If we are an aspiring democracy in which each adult has much the same capacity to decide what to do and how to do it, always with the proviso that what one wants to do should not prevent others from doing what they want to do, why should we try to instruct others in what we think is best for them? My position here is that of J. S. Mill in On Liberty (for a summary, try here), and for Mill liberty or freedom is the condition that allows a person the opportunity to learn what is best for them. Telling adults what they should do, when that is not the adult’s preference, is to tell them that you know better than they do. We have a lot of that about today. Perhaps we always have had a lot about. Ironically, the instructions are more diverse that they once were, and the instructors now rely on ‘science’, not religion. The supposed ‘findings of science’ are employed in matters of food, smoking, health, climate, road safety, mining, transport, you name it. Unfortunately, science is a dynamic form of knowledge-generation, and what is true today may not be true tomorrow. Science once proclaimed that butter was bad for us, and we shifted to margarine. Now, apparently, that is no longer the case. Over the years I’ve come to the view that adults should be left to make their own decisions about all of these things, always remembering Mill’s warning that such freedom is constrained by our need to respect the equal freedom of others. Provide advice, yes. Make it clear that such advice is contingent on the advance of knowledge. ‘At the moment…’ you might begin. But leave it at that.
And what has all that got to do with opera and ballet? There was a time when opera houses, libraries, art galleries and large theatres were built, in all our big cities. That was the 1960s. Time has moved on. Governments make decisions about how to spend public money guided by their sense of public sentiment. In the 1960s there was some sense that we were uncultured, and we needed to show that we weren’t. Premier Joe Cahill, whose determination enabled the building of Sydney’s Opera House, was convinced that until Sydney had one, no one outside our shores would take the city seriously. He was persuasive, partly because his view was widely shared. Those days have passed.

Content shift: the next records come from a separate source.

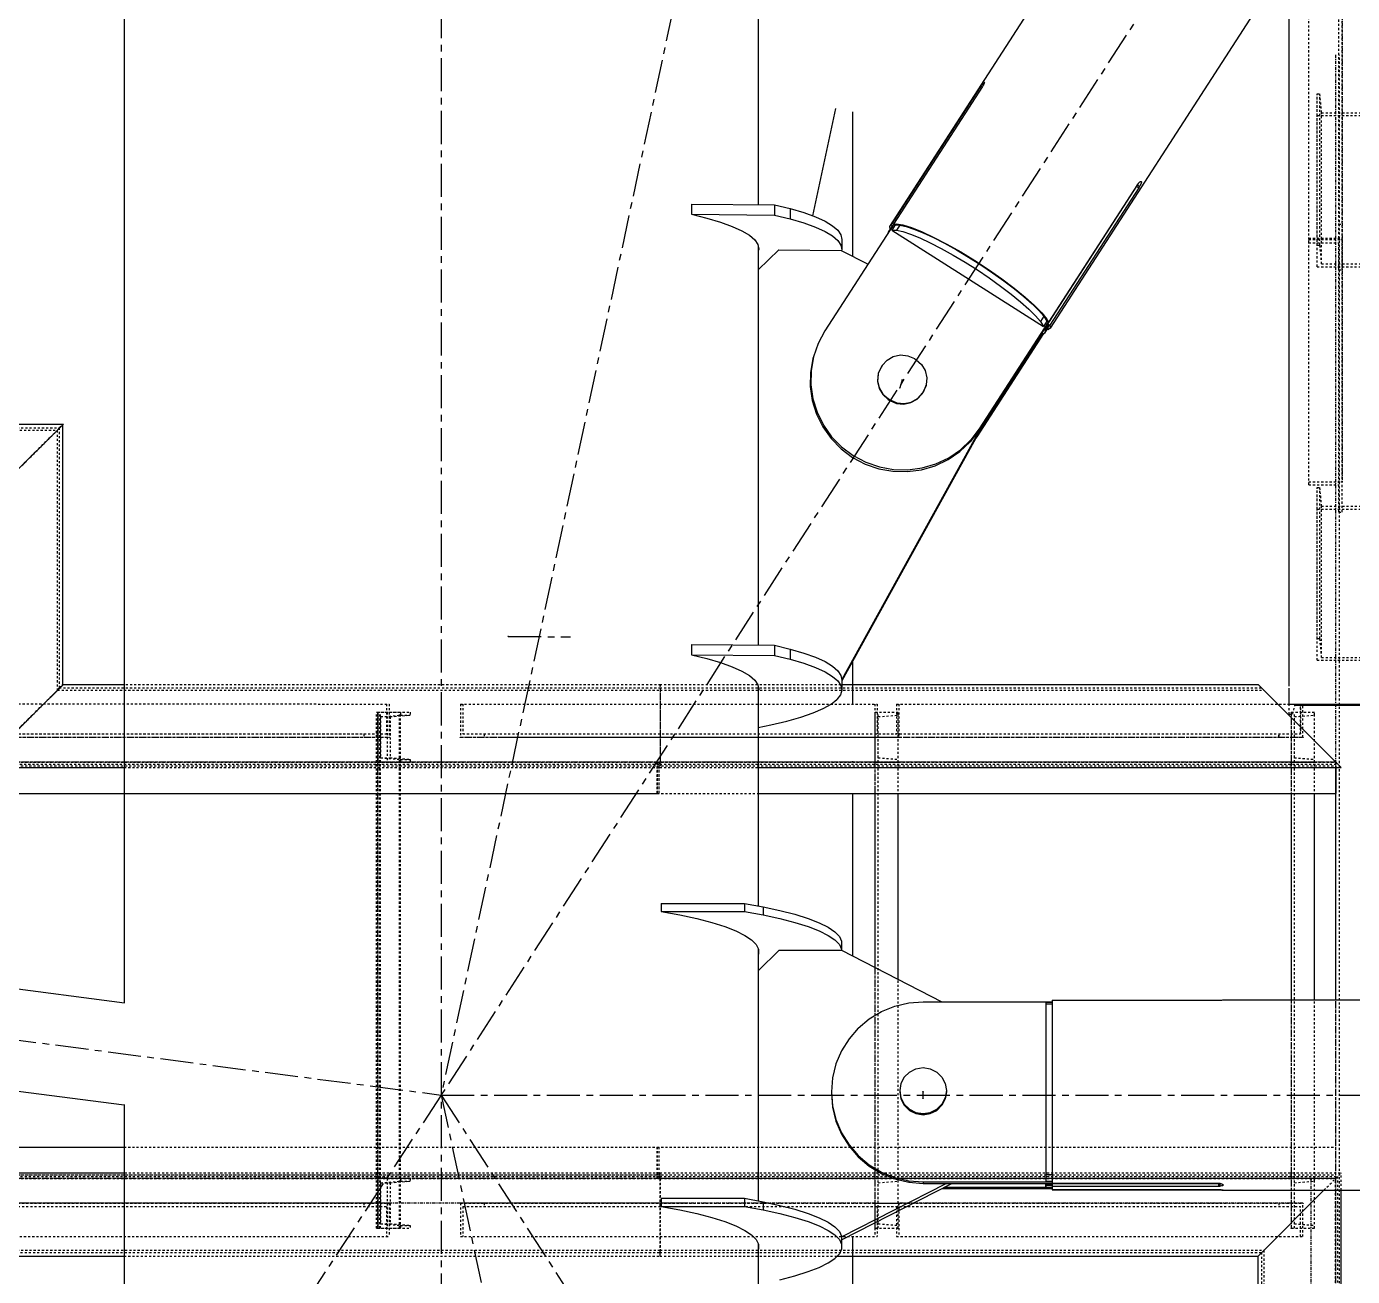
# Model space of a CAD drawing. Header units: millimetres. Extents: x 5143 to 30813, y 232 to 21408.
# Drawn here: x 22800.4 to 23119, y 17336.7 to 17637.1 of the extents above; entities that cross this region are included whole.
import ezdxf

# ---------------------------------------------------------------- set-up
doc = ezdxf.new("R2010")
doc.units = ezdxf.units.MM
doc.header["$LTSCALE"] = 0.25
for name, pattern in [('CENTER', [50.8, 31.75, -6.35, 6.35, -6.35]), ('XKITLINE00', [0]), ('XKITLINE02', [4, 2, -2]), ('XKITLINE03', [6, 3, -1, 1, -1])]:
    doc.linetypes.add(name, pattern=pattern)

msp = doc.modelspace()

# ---------------------------------------------------------------- linework, layer by layer
at = {"color": 8, "linetype": 'CENTER'}
for p, q in [((23075, 18200.27), (22900, 17380.27)), ((23430, 18200.27), (22900, 17380.27)), ((22900, 17654.86), (22900, 16010.75)), ((23010.75, 17552.16), (23010.18, 17550.23)), ((21825, 17519.98), (22900, 17380.27)), ((22916.09, 17490.51), (22930.92, 17490.38)), ((22900, 17380.27), (21825, 15740.28)), ((22899.99, 17380.27), (23429.99, 17380.28)), ((22900, 17380.27), (23075, 16560.27)), ((22900, 17380.27), (23430, 16560.27)), ((23015.8, 17379.49), (23015.8, 17381.06))]:
    msp.add_line(p, q, dxfattribs=at)
at = {"color": 8, "linetype": 'XKITLINE00'}
for p, q in [((23283.51, 18015.68), (23007.76, 17589.04)), ((23322.07, 17991.25), (23046.31, 17564.61)), ((22823.8, 17654.86), (22823.8, 17402.46)), ((22976.2, 17654.86), (22976.2, 17594.25)), ((23030.32, 17623.69), (23030.21, 17623.54)), ((23030.33, 17623.71), (23030.43, 17623.75)), ((23030.43, 17623.75), (23030.5, 17623.72)), ((23030.5, 17623.72), (23030.52, 17623.62)), ((23029.5, 17622.48), (23008.12, 17589.41)), ((23030.08, 17622.67), (23008.71, 17589.6)), ((23029.69, 17622.78), (23029.5, 17622.48)), ((23029.5, 17622.48), (23029.83, 17622.27)), ((23029.88, 17623.06), (23029.69, 17622.78)), ((23029.69, 17622.78), (23030.02, 17622.57)), ((23030.06, 17623.32), (23029.88, 17623.06)), ((23030.21, 17623.54), (23030.06, 17623.32)), ((23030.26, 17622.96), (23030.08, 17622.67)), ((23030.39, 17623.22), (23030.26, 17622.96)), ((23030.48, 17623.45), (23030.39, 17623.22)), ((23030.52, 17623.62), (23030.48, 17623.45)), ((22994.77, 17617.38), (22989.26, 17591.56)), ((22998.8, 17616.59), (22998.8, 17581.9)), ((23067.12, 17598.67), (23029.18, 17539.96)), ((23067.31, 17599.09), (23045.94, 17566.01)), ((23067.62, 17598.33), (23046.25, 17565.26)), ((23067.19, 17598.9), (23067.12, 17598.67)), ((23067.12, 17598.65), (23067.62, 17598.33)), ((23067.25, 17598.98), (23067.81, 17598.63)), ((23067.51, 17599.36), (23067.31, 17599.09)), ((23067.71, 17599.59), (23067.51, 17599.36)), ((23067.81, 17598.63), (23067.62, 17598.33)), ((23067.71, 17599.59), (23067.89, 17599.75)), ((23067.98, 17598.93), (23067.81, 17598.63)), ((23067.89, 17599.75), (23068.06, 17599.84)), ((23068.12, 17599.21), (23067.98, 17598.93)), ((23068.06, 17599.84), (23068.19, 17599.85)), ((23068.23, 17599.45), (23068.12, 17599.21)), ((23068.19, 17599.85), (23068.27, 17599.77)), ((23068.3, 17599.63), (23068.23, 17599.45)), ((23068.27, 17599.77), (23068.3, 17599.65)), ((23068.3, 17599.65), (23068.3, 17599.63)), ((22960.13, 17594.39), (22960.13, 17591.93)), ((22960.13, 17594.39), (22980.11, 17594.21)), ((22960.13, 17591.93), (22963.87, 17591.02)), ((22960.13, 17591.93), (22980.11, 17591.75)), ((22980.11, 17594.21), (22980.11, 17591.75)), ((22980.11, 17594.21), (22983.84, 17593.3)), ((22983.84, 17593.3), (22983.84, 17590.84)), ((22983.84, 17593.3), (22987.12, 17592.33)), ((22987.12, 17592.33), (22989.93, 17591.32)), ((22963.87, 17591.02), (22967.15, 17590.05)), ((22967.15, 17590.05), (22969.96, 17589.04)), ((22969.96, 17589.04), (22972.27, 17587.99)), ((22980.11, 17591.75), (22983.84, 17590.84)), ((22983.84, 17590.84), (22987.12, 17589.87)), ((22987.12, 17589.87), (22989.93, 17588.86)), ((22989.93, 17591.32), (22992.24, 17590.27)), ((22989.93, 17588.86), (22992.24, 17587.81)), ((23008.76, 17589.55), (22992.19, 17563.91)), ((22992.24, 17590.27), (22994.05, 17589.19)), ((22994.05, 17589.19), (22995.33, 17588.09)), ((23008.29, 17589), (23007.49, 17587.76)), ((23008.49, 17589.18), (23007.68, 17587.94)), ((23008.12, 17589.41), (23007.76, 17589.04)), ((23007.76, 17589.04), (23007.82, 17588.39)), ((23008.12, 17589.41), (23008.51, 17589.16)), ((23009.07, 17589.37), (23008.27, 17588.13)), ((23008.29, 17589), (23008.49, 17589.18)), ((23008.49, 17589.18), (23008.51, 17589.16)), ((23008.71, 17589.6), (23009.32, 17589.67)), ((23008.71, 17589.6), (23009.07, 17589.37)), ((23008.76, 17589.55), (23009.06, 17589.35)), ((23008.8, 17589.54), (23008.79, 17589.52)), ((23009.07, 17589.37), (23010.18, 17589.34)), ((23009.32, 17589.67), (23010.93, 17589.4)), ((23010.18, 17589.34), (23009.38, 17588.1)), ((23010.18, 17589.34), (23011.7, 17589.01)), ((23010.93, 17589.4), (23013.02, 17588.75)), ((23011.7, 17589.01), (23013.59, 17588.39)), ((23013.02, 17588.75), (23015.54, 17587.74)), ((22972.27, 17587.99), (22974.07, 17586.91)), ((22974.07, 17586.91), (22975.35, 17585.81)), ((22975.35, 17585.81), (22976.1, 17584.69)), ((22992.24, 17587.81), (22994.05, 17586.73)), ((22994.05, 17586.73), (22995.33, 17585.63)), ((22995.33, 17588.09), (22996.07, 17586.97)), ((22995.33, 17585.63), (22996.07, 17584.51)), ((22996.07, 17586.97), (22996.28, 17585.85)), ((22996.28, 17585.85), (22996.28, 17583.39)), ((23007.38, 17587.53), (23007.36, 17587.38)), ((23007.49, 17587.76), (23007.38, 17587.53)), ((23007.49, 17587.76), (23007.68, 17587.94)), ((23007.68, 17587.94), (23007.71, 17587.92)), ((23007.82, 17588.39), (23007.88, 17588.36)), ((23008.27, 17588.13), (23009.38, 17588.1)), ((23008.27, 17588.13), (23044.77, 17565)), ((23009.38, 17588.1), (23010.9, 17587.77)), ((23010.9, 17587.77), (23012.79, 17587.15)), ((23012.79, 17587.15), (23015, 17586.26)), ((23013.59, 17588.39), (23015.8, 17587.5)), ((23015, 17586.26), (23017.48, 17585.1)), ((23015.54, 17587.74), (23018.41, 17586.4)), ((23015.8, 17587.5), (23018.28, 17586.34)), ((23018.28, 17586.34), (23020.97, 17584.96)), ((23018.41, 17586.4), (23021.54, 17584.76)), ((22976.1, 17584.69), (22976.31, 17583.57)), ((22976.2, 17584.17), (22976.2, 17488.41)), ((22976.31, 17583.57), (22976.2, 17583.18)), ((22976.2, 17578.58), (22981.13, 17583.4)), ((22981.13, 17583.4), (22996.11, 17583.26)), ((22996.07, 17584.51), (22996.28, 17583.39)), ((22996.11, 17583.26), (23002.57, 17579.98)), ((22996.28, 17583.39), (22996.23, 17583.21)), ((23017.48, 17585.1), (23020.17, 17583.72)), ((23020.17, 17583.72), (23023, 17582.15)), ((23020.97, 17584.96), (23023.81, 17583.39)), ((23021.54, 17584.76), (23024.84, 17582.89)), ((23023.81, 17583.39), (23026.72, 17581.65)), ((23024.84, 17582.89), (23028.21, 17580.83)), ((23023, 17582.15), (23025.92, 17580.41)), ((23025.92, 17580.41), (23028.84, 17578.56)), ((23026.72, 17581.65), (23029.64, 17579.8)), ((23028.21, 17580.83), (23031.54, 17578.64)), ((23029.64, 17579.8), (23032.49, 17577.88)), ((23028.84, 17578.56), (23031.69, 17576.64)), ((23031.54, 17578.64), (23034.73, 17576.41)), ((23031.69, 17576.64), (23034.42, 17574.69)), ((23032.49, 17577.88), (23035.22, 17575.93)), ((23034.73, 17576.41), (23037.69, 17574.18)), ((23035.22, 17575.93), (23037.75, 17574.01)), ((23034.42, 17574.69), (23036.95, 17572.77)), ((23036.95, 17572.77), (23039.22, 17570.91)), ((23037.69, 17574.18), (23040.32, 17572.04)), ((23037.75, 17574.01), (23040.02, 17572.15)), ((23039.22, 17570.91), (23041.18, 17569.17)), ((23040.02, 17572.15), (23041.99, 17570.41)), ((23040.32, 17572.04), (23042.55, 17570.04)), ((23041.99, 17570.41), (23043.59, 17568.81)), ((23042.55, 17570.04), (23044.31, 17568.25)), ((23041.18, 17569.17), (23042.79, 17567.57)), ((23042.79, 17567.57), (23043.99, 17566.17)), ((23043.59, 17568.81), (23044.79, 17567.42)), ((23044.79, 17567.42), (23043.99, 17566.17)), ((23044.31, 17568.25), (23045.55, 17566.72)), ((23044.79, 17567.42), (23045.57, 17566.24)), ((23045.55, 17566.72), (23045.94, 17566.01)), ((22992.19, 17563.91), (22990.58, 17560.92)), ((23044.76, 17563.25), (23028.74, 17538.47)), ((23044.65, 17563.32), (23029.12, 17539.29)), ((23045.88, 17566.03), (23029.31, 17540.4)), ((23043.99, 17566.17), (23044.77, 17565)), ((23044.38, 17563.48), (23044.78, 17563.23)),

Contemporary governments plainly prefer building sport stadia to opera houses. Quite reasonable people prefer to go camping or fishing, play computer games, attend football matches, or go to movies, the club or the pub, rather than go to museums, concerts or art galleries. And there are lots and lots of those reasonable people. Those of us, a very much smaller group, who have the desire to see properly staged large operas and ballets, will be at the end of a long queue, unless we campaign hard, widely and over time, and perhaps even then. The irony is that those who value what is sometimes called ‘the high culture’ are now mostly university-educated (Joe Cahill wasn’t), but even in that group the opera-lovers are not at all a majority. Nonetheless, the university-educated elite are happy to tell the more benighted what they should do in all other aspects of life.
I would have thought Shakespeare, Bach, da Vinci and Jane Austen were more valuable to the human spirit, all things considered, than food-miles, plastic-bag avoidance, wind turbines and the paleo diet, but perhaps that is because I am an old (white, male) fogey. In any case, I think there is a case for those who want to make others good people remembering the diversity cuts both ways: we don’t in fact have, for example, an ‘obesity crisis’, though the news presenter talked about it the other day. What we have are people who like to eat a lot. They can afford to. Let them. There are many, many other examples.
I think over-eating, smoking, drinking, and a tendency to attend the NY Met to hear Renee Fleming, rather than being blown up in Manchester watching Ariana Grande, are not ‘diversity’ at all – rather, what would have been called, in pre-modern times, freedom of choice. I am not defending any positions, simply noting that they exist. Diversity is a point on the normal curve. More authoritative commentators have pointed out that a lack of balance has consequences, mostly unintended, because, as the power of minorities increases, diversity decreases. Example: you can hardly find a smoker having a fag outside a building in mid-town. While this is not necessarily a bad thing, it is certainly an irrefutable example of a loss of ‘diversity’. There is equally irrefutable evidence that, as Muslims have reached a majority population in some suburbs of London, ethnic ‘diversity’ has decreased. Be careful what you wish for.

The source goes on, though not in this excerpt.